All obtained sequences were analyzed in FinchTV (Geospiza.com, accessed on 6 October 2022) and aligned using ClustalW implemented in MEGA X software [39]. To avoid the influence of missing data, the ends of the sequences were trimmed. The standard genetic indices, i.e., nucleotide composition, nucleotide diversity (ND), number of haplotypes (H), haplotype diversity (hd), number of segregating sites (S), number of variable sites (V), total number of nucleotide differences (TM), and average number of nucleotide differences (k) were calculated using DnaSP v.6 [40]. The haplotype networks for each gene were constructed using a Median-Joining Network method [41] in PopART v.1.7 software [42].

The atpB-rbcL spacer sequence of Pleurozium schreberi obtained from NCBI GenBank was attached to the analysis. The accession number for this additional sequence is MK313952. The specimen originates from Zliv in the Czech Republic.

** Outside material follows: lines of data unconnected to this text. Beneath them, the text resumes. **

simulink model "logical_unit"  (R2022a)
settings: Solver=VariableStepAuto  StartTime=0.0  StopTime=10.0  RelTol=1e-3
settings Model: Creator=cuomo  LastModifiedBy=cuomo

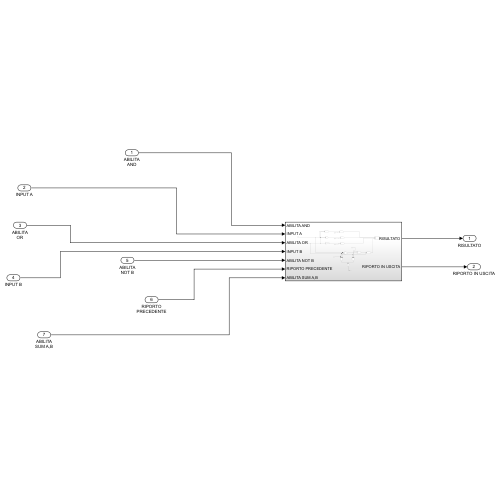
[thumbnail: Simulink's stored preview of the top-level diagram]
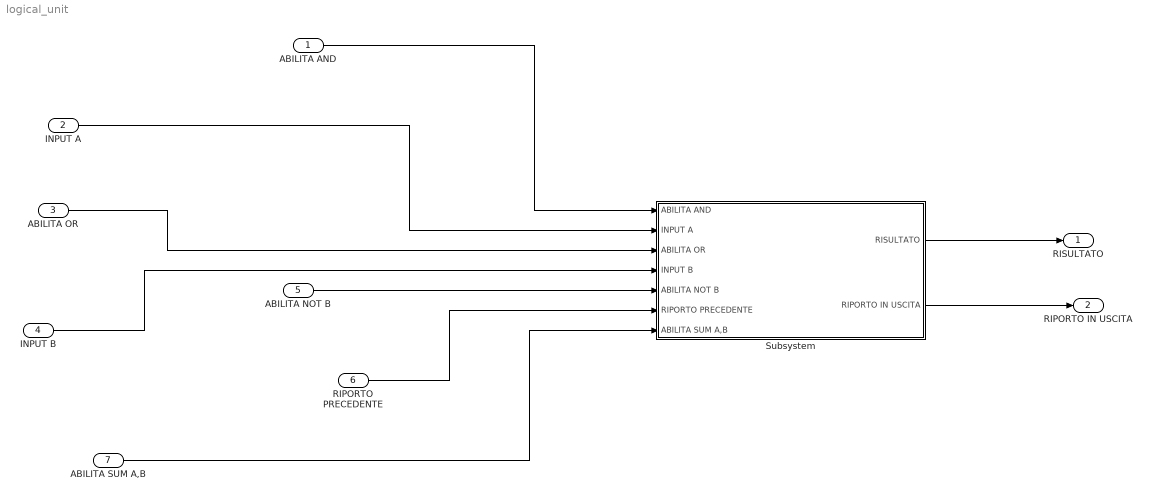
== system logical_unit ==
  ABILITA AND : Inport
  INPUT A : Inport  Port=2
  ABILITA OR : Inport  Port=3
  INPUT B : Inport  Port=4
  ABILITA NOT B : Inport  Port=5
  RIPORTO PRECEDENTE : Inport  Port=6
  ABILITA SUM A,B : Inport  Port=7
  Subsystem : Subsystem
  RISULTATO : Outport
  RIPORTO IN USCITA : Outport  Port=2
  wires:
  ABILITA AND/1 -> Subsystem/1(ABILITA AND)
  INPUT A/1 -> Subsystem/2(INPUT A)
  ABILITA OR/1 -> Subsystem/3(ABILITA OR)
  INPUT B/1 -> Subsystem/4(INPUT B)
  ABILITA NOT B/1 -> Subsystem/5(ABILITA NOT B)
  RIPORTO PRECEDENTE/1 -> Subsystem/6(RIPORTO PRECEDENTE)
  ABILITA SUM A,B/1 -> Subsystem/7(ABILITA SUM A,B)
  Subsystem/1(RISULTATO) -> RISULTATO/1
  Subsystem/2(RIPORTO IN USCITA) -> RIPORTO IN USCITA/1

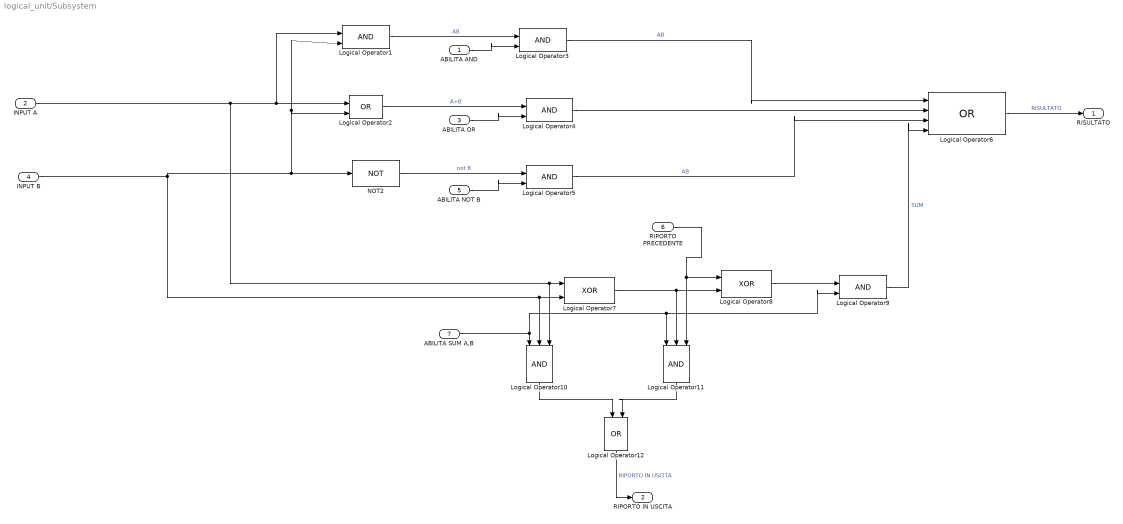
== system logical_unit/Subsystem ==
  ABILITA AND : Inport
  INPUT A : Inport  Port=2
  ABILITA OR : Inport  Port=3
  INPUT B : Inport  Port=4
  ABILITA NOT B : Inport  Port=5
  RIPORTO PRECEDENTE : Inport  Port=6
  ABILITA SUM A,B : Inport  Port=7
  Logical Operator{1,3..5,9} (5 alike) : Logic  IconShape=distinctive  AllPortsSameDT=off  OutDataTypeStr=boolean
  Logical Operator10 : Logic  Inputs=3  IconShape=distinctive  AllPortsSameDT=off  OutDataTypeStr=boolean
  Logical Operator11 : Logic  Inputs=3  IconShape=distinctive  AllPortsSameDT=off  OutDataTypeStr=boolean
  Logical Operator12 : Logic  Operator=OR  IconShape=distinctive  AllPortsSameDT=off  OutDataTypeStr=boolean
  Logical Operator2 : Logic  Operator=OR  IconShape=distinctive  AllPortsSameDT=off  OutDataTypeStr=boolean
  Logical Operator6 : Logic  Operator=OR  Inputs=4  IconShape=distinctive  AllPortsSameDT=off  OutDataTypeStr=boolean
  Logical Operator7 : Logic  Operator=XOR  IconShape=distinctive  AllPortsSameDT=off  OutDataTypeStr=boolean
  Logical Operator8 : Logic  Operator=XOR  IconShape=distinctive  AllPortsSameDT=off  OutDataTypeStr=boolean
  NOT2 : Logic  Operator=NOT  IconShape=distinctive  AllPortsSameDT=off  OutDataTypeStr=boolean
  RISULTATO : Outport
  RIPORTO IN USCITA : Outport  Port=2
  wires:
  ABILITA AND/1 -> Logical Operator3/2
  Logical Operator7/1 -> Logical Operator11/2, Logical Operator8/2
  RIPORTO PRECEDENTE/1 -> Logical Operator8/1, Logical Operator11/3
  Logical Operator12/1 -> RIPORTO IN USCITA/1  "RIPORTO IN USCITA"
  NOT2/1 -> Logical Operator5/1  "not B"
  Logical Operator3/1 -> Logical Operator6/1  "AB"
  Logical Operator5/1 -> Logical Operator6/3  "AB"
  INPUT A/1 -> Logical Operator1/1, Logical Operator2/1, Logical Operator10/3, Logical Operator7/1
  INPUT B/1 -> Logical Operator1/2, Logical Operator2/2, NOT2/1, Logical Operator10/2, Logical Operator7/2
  Logical Operator2/1 -> Logical Operator4/1  "A+B"
  ABILITA SUM A,B/1 -> Logical Operator11/1, Logical Operator9/2, Logical Operator10/1
  Logical Operator9/1 -> Logical Operator6/4  "SUM"
  ABILITA NOT B/1 -> Logical Operator5/2
  Logical Operator11/1 -> Logical Operator12/2
  Logical Operator10/1 -> Logical Operator12/1
  ABILITA OR/1 -> Logical Operator4/2
  Logical Operator8/1 -> Logical Operator9/1
  Logical Operator6/1 -> RISULTATO/1  "RISULTATO"
  Logical Operator1/1 -> Logical Operator3/1  "AB"
  Logical Operator4/1 -> Logical Operator6/2
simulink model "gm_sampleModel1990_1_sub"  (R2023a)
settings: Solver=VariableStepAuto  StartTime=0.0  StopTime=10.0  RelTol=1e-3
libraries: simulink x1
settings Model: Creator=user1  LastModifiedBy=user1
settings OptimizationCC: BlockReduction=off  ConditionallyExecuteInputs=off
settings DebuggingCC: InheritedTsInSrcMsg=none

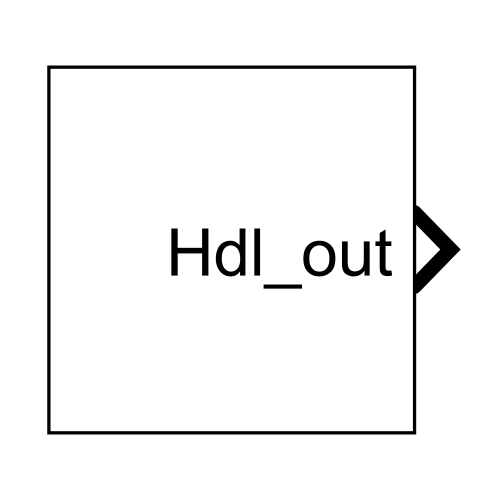
[thumbnail: Simulink's stored preview of the top-level diagram]
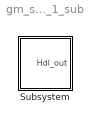
== system gm_sampleModel1990_1_sub ==
  Subsystem : Subsystem

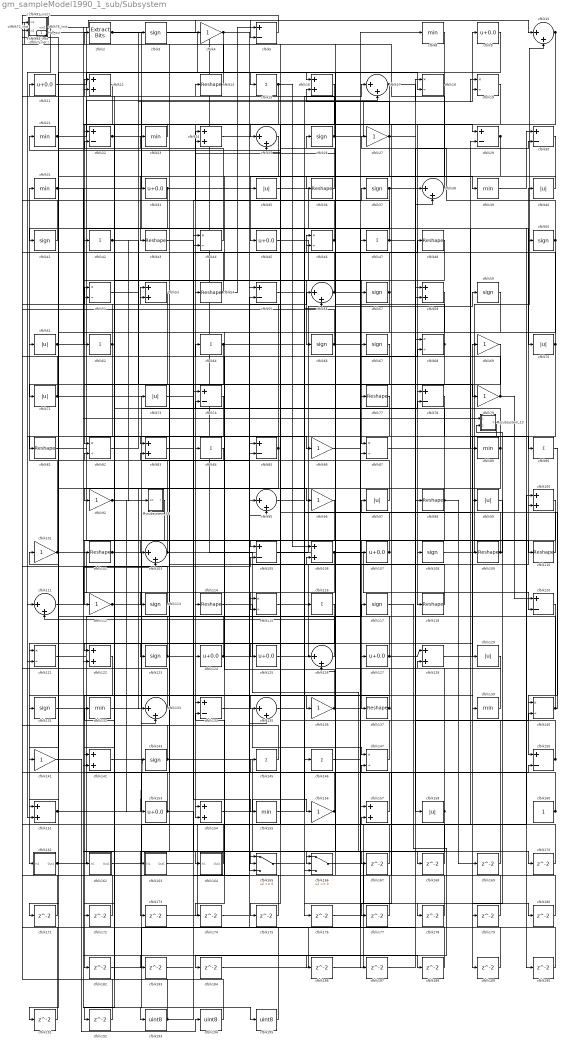
== system gm_sampleModel1990_1_sub/Subsystem ==
  Mysubsystem_13 : Subsystem
  Mysubsystem_34 : Subsystem
  cfblk{10,17,25,38,56,95,103,111,126,133,135} (11 alike) : Sum  Inputs=|++  OutDataTypeStr=uint8
  cfblk{12,16,24,53,58,83,100,106,122,128,142,151,154,157} (14 alike) : Sum  OutDataTypeStr=uint8
  cfblk{4,27,69,79,86,92,96,101,112,136,141,156} (12 alike) : Gain  OutDataTypeStr=uint8
  cfblk{14,36,43,48,54,77,81,98,102,109..110,114,118,137} (14 alike) : Reshape
  cfblk{5,22,29..30,55,74,78,85,105,120,134,150} (12 alike) : Sum  Inputs=+-  OutDataTypeStr=uint8
  cfblk{9,11,33,45,107,124..125,127,153} (9 alike) : Bias  Bias=0.0  SaturateOnIntegerOverflow=off
  cfblk{3,26,37,41,50,57,59,66..67,108,113,117,123,131,143} (15 alike) : Signum
  cfblk{18..19,44,46,52,68,82,87,115,121,140,147} (12 alike) : Product  Inputs=*/  OutDataTypeStr=uint8  RndMeth=Zero  SaturateOnIntegerOverflow=on
  cfblk{15,42,47,62,64,84,90,116,145..146} (10 alike) : Sum  Inputs=+  OutDataTypeStr=uint8
  cfblk119_inst : Subsystem
  cfblk{35,40,61,70..71,73,97,99,129,158} (10 alike) : Abs  OutDataTypeStr=uint8  SaturateOnIntegerOverflow=off
  cfblk130_inst : Subsystem
  cfblk{8,21,23,31,39,89,132,139,155} (9 alike) : MinMax  OutDataTypeStr=uint8
  cfblk138_inst : Subsystem
  cfblk13_inst : Subsystem
  cfblk144_inst : Subsystem
  cfblk148_inst : Subsystem
  cfblk149_inst : Subsystem
  cfblk152_inst : Subsystem
  cfblk160 : Constant  OutDataTypeStr=uint8  SampleTime=-1
  cfblk161 : Subsystem
  cfblk162 : Subsystem
  cfblk163 : Subsystem
  cfblk164 : Subsystem
  cfblk165 : Switch  OutDataTypeStr=uint8  SaturateOnIntegerOverflow=off  InputSameDT=off
  cfblk166 : Switch  OutDataTypeStr=uint8  SaturateOnIntegerOverflow=off  InputSameDT=off
  cfblk{167..180,182..184,186..192} (24 alike) : Delay  SampleTime=1
  cfblk193 : DataTypeConversion  OutDataTypeStr=uint8  SaturateOnIntegerOverflow=off  RndMeth=Floor
  cfblk194 : DataTypeConversion  OutDataTypeStr=uint8  SaturateOnIntegerOverflow=off  RndMeth=Floor
  cfblk195 : DataTypeConversion  OutDataTypeStr=uint8  SaturateOnIntegerOverflow=off  RndMeth=Floor
  cfblk2 : simulink/Logic and Bit Operations/Extract Bits  bitsToExtract=Upper half  numBits=8  bitIdxRange=[0 7]  outScalingMode=Preserve fixed-point scaling
      settings: LibrarySourceBlock=|
      | hdlsllib/Logic and Bit
      | Operations/Extract Bits
  cfblk28_inst : Subsystem
  cfblk32_inst : Subsystem
  cfblk34_inst : Subsystem
  cfblk49_inst : Subsystem
  cfblk51_inst : Subsystem
  cfblk60_inst : Subsystem
  cfblk63_inst : Subsystem
  cfblk65_inst : Subsystem
  cfblk6_inst : Subsystem
  cfblk72_inst : Subsystem
  cfblk76_inst : Subsystem
  cfblk7_inst : Subsystem
  cfblk91_inst : Subsystem
  cfblk94_inst : Subsystem
  Hdl_out : Outport  OutDataTypeStr=uint8  SampleTime=1
  wires:
  Mysubsystem_13/1(Out1) -> cfblk189/1
  Mysubsystem_34/1(Y) -> cfblk112/1
  cfblk10/1 -> cfblk154/2, cfblk118/1
  cfblk100/1 -> cfblk137/1
  cfblk101/1 -> cfblk154/1, cfblk31/1
  cfblk102/1 -> cfblk195/1, cfblk166/2
  cfblk103/1 -> cfblk72_inst/1(in1), cfblk106/2
  cfblk105/1 -> cfblk59/1
  cfblk106/1 -> cfblk124/1, cfblk120/2
  cfblk107/1 -> cfblk53/1, Hdl_out/1
  cfblk108/1 -> cfblk10/2
  cfblk109/1 -> cfblk152_inst/1(in1), cfblk130_inst/2(in2), Mysubsystem_13/2(In2)
  cfblk11/1 -> cfblk15/1
  cfblk110/1 -> cfblk97/1
  cfblk111/1 -> cfblk105/2
  cfblk112/1 -> cfblk133/2, cfblk136/1
  cfblk113/1 -> cfblk152_inst/2(in2)
  cfblk114/1 -> cfblk168/1
  cfblk115/1 -> cfblk176/1
  cfblk116/1 -> cfblk161/1(In1)
  cfblk117/1 -> cfblk184/1
  cfblk118/1 -> cfblk76_inst/2(in2)
  cfblk119_inst/1(out1) -> cfblk105/1
  cfblk12/1 -> cfblk82/1
  cfblk120/1 -> cfblk150/1
  cfblk121/1 -> cfblk117/1
  cfblk122/1 -> cfblk182/1
  cfblk123/1 -> cfblk48/1, cfblk144_inst/1(in1)
  cfblk124/1 -> cfblk65_inst/2(in2), cfblk40/1
  cfblk125/1 -> cfblk38/1
  cfblk126/1 -> cfblk51_inst/1(in1)
  cfblk127/1 -> cfblk128/1, cfblk52/1
  cfblk128/1 -> cfblk69/1
  cfblk129/1 -> cfblk128/2
  cfblk13_inst/1(out1) -> cfblk135/2
  cfblk130_inst/1(out1) -> cfblk66/1
  cfblk131/1 -> cfblk85/2
  cfblk132/1 -> cfblk74/2
  cfblk133/1 -> cfblk28_inst/1(in1)
  cfblk134/1 -> cfblk147/1
  cfblk135/1 -> cfblk17/1
  cfblk136/1 -> cfblk68/2, cfblk64/1
  cfblk137/1 -> cfblk72_inst/2(in2), cfblk131/1
  cfblk138_inst/1(out1) -> cfblk95/1, cfblk87/1
  cfblk139/1 -> cfblk7_inst/2(in2)
  cfblk14/1 -> cfblk13_inst/1(in1)
  cfblk140/1 -> cfblk61/1, cfblk100/2
  cfblk141/1 -> cfblk194/1
  cfblk142/1 -> cfblk188/1
  cfblk143/1 -> cfblk12/1, cfblk170/1
  cfblk144_inst/1(out1) -> cfblk55/1
  cfblk145/1 -> cfblk149_inst/2(in2)
  cfblk146/1 -> cfblk47/1
  cfblk147/1 -> cfblk2/1
  cfblk148_inst/1(out1) -> cfblk57/1
  cfblk149_inst/1(out1) -> cfblk32_inst/1(in1)
  cfblk15/1 -> cfblk25/1, cfblk106/1
  cfblk150/1 -> cfblk52/2, cfblk21/1
  cfblk151/1 -> cfblk143/1, cfblk116/1
  cfblk152_inst/1(out1) -> cfblk111/1
  cfblk153/1 -> cfblk165/2, cfblk101/1
  cfblk154/1 -> cfblk156/1
  cfblk155/1 -> cfblk99/1
  cfblk156/1 -> cfblk34_inst/2(in2), cfblk145/1
  cfblk157/1 -> cfblk148_inst/1(in1)
  cfblk158/1 -> cfblk111/2, cfblk173/1
  cfblk16/1 -> cfblk175/1
  cfblk160/1 -> cfblk53/2, cfblk148_inst/2(in2)
  cfblk161/1(Out1) -> cfblk67/1, cfblk150/2
  cfblk162/1(Out1) -> cfblk157/2
  cfblk163/1(Out1) -> cfblk44/1
  cfblk164/1(Out1) -> cfblk13_inst/2(in2)
  cfblk165/1 -> cfblk180/1
  cfblk166/1 -> cfblk178/1
  cfblk167/1 -> cfblk46/1
  cfblk168/1 -> cfblk25/2
  cfblk169/1 -> cfblk83/2
  cfblk17/1 -> cfblk158/1, cfblk172/1
  cfblk170/1 -> cfblk91_inst/1(in1)
  cfblk171/1 -> cfblk144_inst/2(in2)
  cfblk172/1 -> cfblk28_inst/2(in2)
  cfblk173/1 -> cfblk68/1
  cfblk174/1 -> cfblk56/1
  cfblk175/1 -> cfblk7_inst/1(in1)
  cfblk176/1 -> cfblk29/2
  cfblk177/1 -> cfblk134/2
  cfblk178/1 -> cfblk126/2
  cfblk179/1 -> cfblk147/2
  cfblk18/1 -> cfblk43/1, cfblk165/3, cfblk16/1
  cfblk180/1 -> cfblk60_inst/1(in1)
  cfblk182/1 -> cfblk87/2
  cfblk183/1 -> cfblk44/2
  cfblk184/1 -> cfblk38/2
  cfblk186/1 -> cfblk100/1
  cfblk187/1 -> cfblk140/2
  cfblk188/1 -> cfblk63_inst/1(in1)
  cfblk189/1 -> cfblk74/1
  cfblk19/1 -> cfblk167/1
  cfblk190/1 -> cfblk85/1
  cfblk191/1 -> cfblk138_inst/2(in2)
  cfblk192/1 -> cfblk49_inst/1(in1)
  cfblk193/1 -> cfblk65_inst/1(in1), cfblk165/1, cfblk130_inst/1(in1), cfblk132/1
  cfblk194/1 -> cfblk94_inst/1(in1)
  cfblk195/1 -> cfblk94_inst/2(in2)
  cfblk2/1 -> cfblk98/1, cfblk70/1
  cfblk21/1 -> cfblk56/2, cfblk17/2
  cfblk22/1 -> cfblk190/1, cfblk62/1
  cfblk23/1 -> cfblk22/1
  cfblk24/1 -> cfblk107/1
  cfblk25/1 -> cfblk81/1
  cfblk26/1 -> cfblk9/1, cfblk138_inst/1(in1)
  cfblk27/1 -> cfblk58/1, cfblk16/2, cfblk115/2
  cfblk28_inst/1(out1) -> cfblk166/3, cfblk125/1, cfblk10/1
  cfblk29/1 -> cfblk45/1, cfblk35/1
  cfblk3/1 -> cfblk18/2
  cfblk30/1 -> cfblk54/1
  cfblk31/1 -> cfblk19/2, cfblk187/1, cfblk146/1
  cfblk32_inst/1(out1) -> cfblk50/1, cfblk5/2
  cfblk33/1 -> cfblk95/2, cfblk192/1
  cfblk34_inst/1(out1) -> cfblk129/1
  cfblk35/1 -> cfblk89/1
  cfblk36/1 -> cfblk14/1
  cfblk37/1 -> cfblk58/2, cfblk41/1
  cfblk38/1 -> cfblk91_inst/2(in2)
  cfblk39/1 -> cfblk30/1
  cfblk4/1 -> cfblk151/1, cfblk39/1
  cfblk40/1 -> cfblk36/1
  cfblk41/1 -> cfblk49_inst/2(in2)
  cfblk42/1 -> cfblk79/1, Mysubsystem_34/1(In1)
  cfblk43/1 -> cfblk155/1
  cfblk44/1 -> cfblk11/1
  cfblk45/1 -> cfblk127/1
  cfblk46/1 -> cfblk51_inst/2(in2), cfblk26/1
  cfblk47/1 -> cfblk30/2, cfblk24/1
  cfblk48/1 -> cfblk102/1
  cfblk49_inst/1(out1) -> cfblk29/1, cfblk4/1
  cfblk5/1 -> cfblk119_inst/1(in1)
  cfblk50/1 -> cfblk27/1, cfblk177/1, cfblk171/1
  cfblk51_inst/1(out1) -> cfblk134/1, cfblk121/2
  cfblk52/1 -> cfblk3/1
  cfblk53/1 -> cfblk122/1
  cfblk54/1 -> cfblk63_inst/2(in2), cfblk5/1
  cfblk55/1 -> cfblk126/1
  cfblk56/1 -> cfblk32_inst/2(in2), cfblk8/1
  cfblk57/1 -> cfblk6_inst/2(in2), cfblk135/1
  cfblk58/1 -> cfblk164/1(In1)
  cfblk59/1 -> cfblk174/1
  cfblk6_inst/1(out1) -> cfblk113/1, cfblk183/1
  cfblk60_inst/1(out1) -> cfblk123/1
  cfblk61/1 -> cfblk33/1, cfblk109/1, cfblk86/1
  cfblk62/1 -> cfblk76_inst/1(in1), cfblk121/1
  cfblk63_inst/1(out1) -> cfblk103/1, cfblk96/1
  cfblk64/1 -> cfblk110/1, cfblk141/1
  cfblk65_inst/1(out1) -> cfblk42/1
  cfblk66/1 -> cfblk119_inst/2(in2), cfblk108/1
  cfblk67/1 -> cfblk122/2
  cfblk68/1 -> cfblk24/2, cfblk163/1(In1)
  cfblk69/1 -> cfblk78/1
  cfblk7_inst/1(out1) -> cfblk83/1, cfblk103/2
  cfblk70/1 -> cfblk6_inst/1(in1), cfblk151/2
  cfblk71/1 -> cfblk78/2, cfblk34_inst/1(in1)
  cfblk72_inst/1(out1) -> cfblk77/1, Mysubsystem_13/1(In1)
  cfblk73/1 -> cfblk139/1
  cfblk74/1 -> cfblk92/1
  cfblk76_inst/1(out1) -> cfblk186/1
  cfblk77/1 -> cfblk142/1
  cfblk78/1 -> cfblk84/1
  cfblk79/1 -> cfblk149_inst/1(in1), cfblk120/1
  cfblk8/1 -> cfblk166/1
  cfblk81/1 -> cfblk133/1
  cfblk82/1 -> cfblk19/1
  cfblk83/1 -> cfblk37/1
  cfblk84/1 -> cfblk82/2
  cfblk85/1 -> cfblk60_inst/2(in2), cfblk191/1
  cfblk86/1 -> cfblk157/1
  cfblk87/1 -> cfblk90/1
  cfblk89/1 -> cfblk46/2, cfblk115/1
  cfblk9/1 -> cfblk71/1
  cfblk90/1 -> cfblk140/1
  cfblk91_inst/1(out1) -> cfblk73/1
  cfblk92/1 -> cfblk55/2, cfblk22/2, cfblk153/1, cfblk162/1(In1)
  cfblk94_inst/1(out1) -> cfblk193/1
  cfblk95/1 -> cfblk18/1
  cfblk96/1 -> cfblk142/2
  cfblk97/1 -> cfblk23/1
  cfblk98/1 -> cfblk12/2, cfblk114/1, cfblk169/1
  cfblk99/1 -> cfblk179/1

The pairwise distances for each obtained haplotype and additional sequence MK313952.1 were calculated in MEGA X software using the number of differences model [39].

4. Conclusions

Our preliminary study showed a low genetic variation in atpB-rbcL spacer sequences among P. schreberi specimens in some areas of Poland. One of the hypothetical reasons for this result could be that we collected mosses in their homogeneous habitat. Our samples were collected in pine forests (Leucobryo-Pinetum and Peucedano-Pinetum), which are the typical habitat of this species in Poland. Most of these pine forests have been and are used economically, which may also affect the obtained results.

The research should be repeated for other combinations of cpDNA markers, i.e., psbA-trnH, trnL-F, and rps4-trnS, with more samples from each location. In the future, it is worth considering these markers, as well as microsatellite markers or NGS technology, to investigate the genetic diversity of mosses, not only in Poland, but also throughout Europe and the world.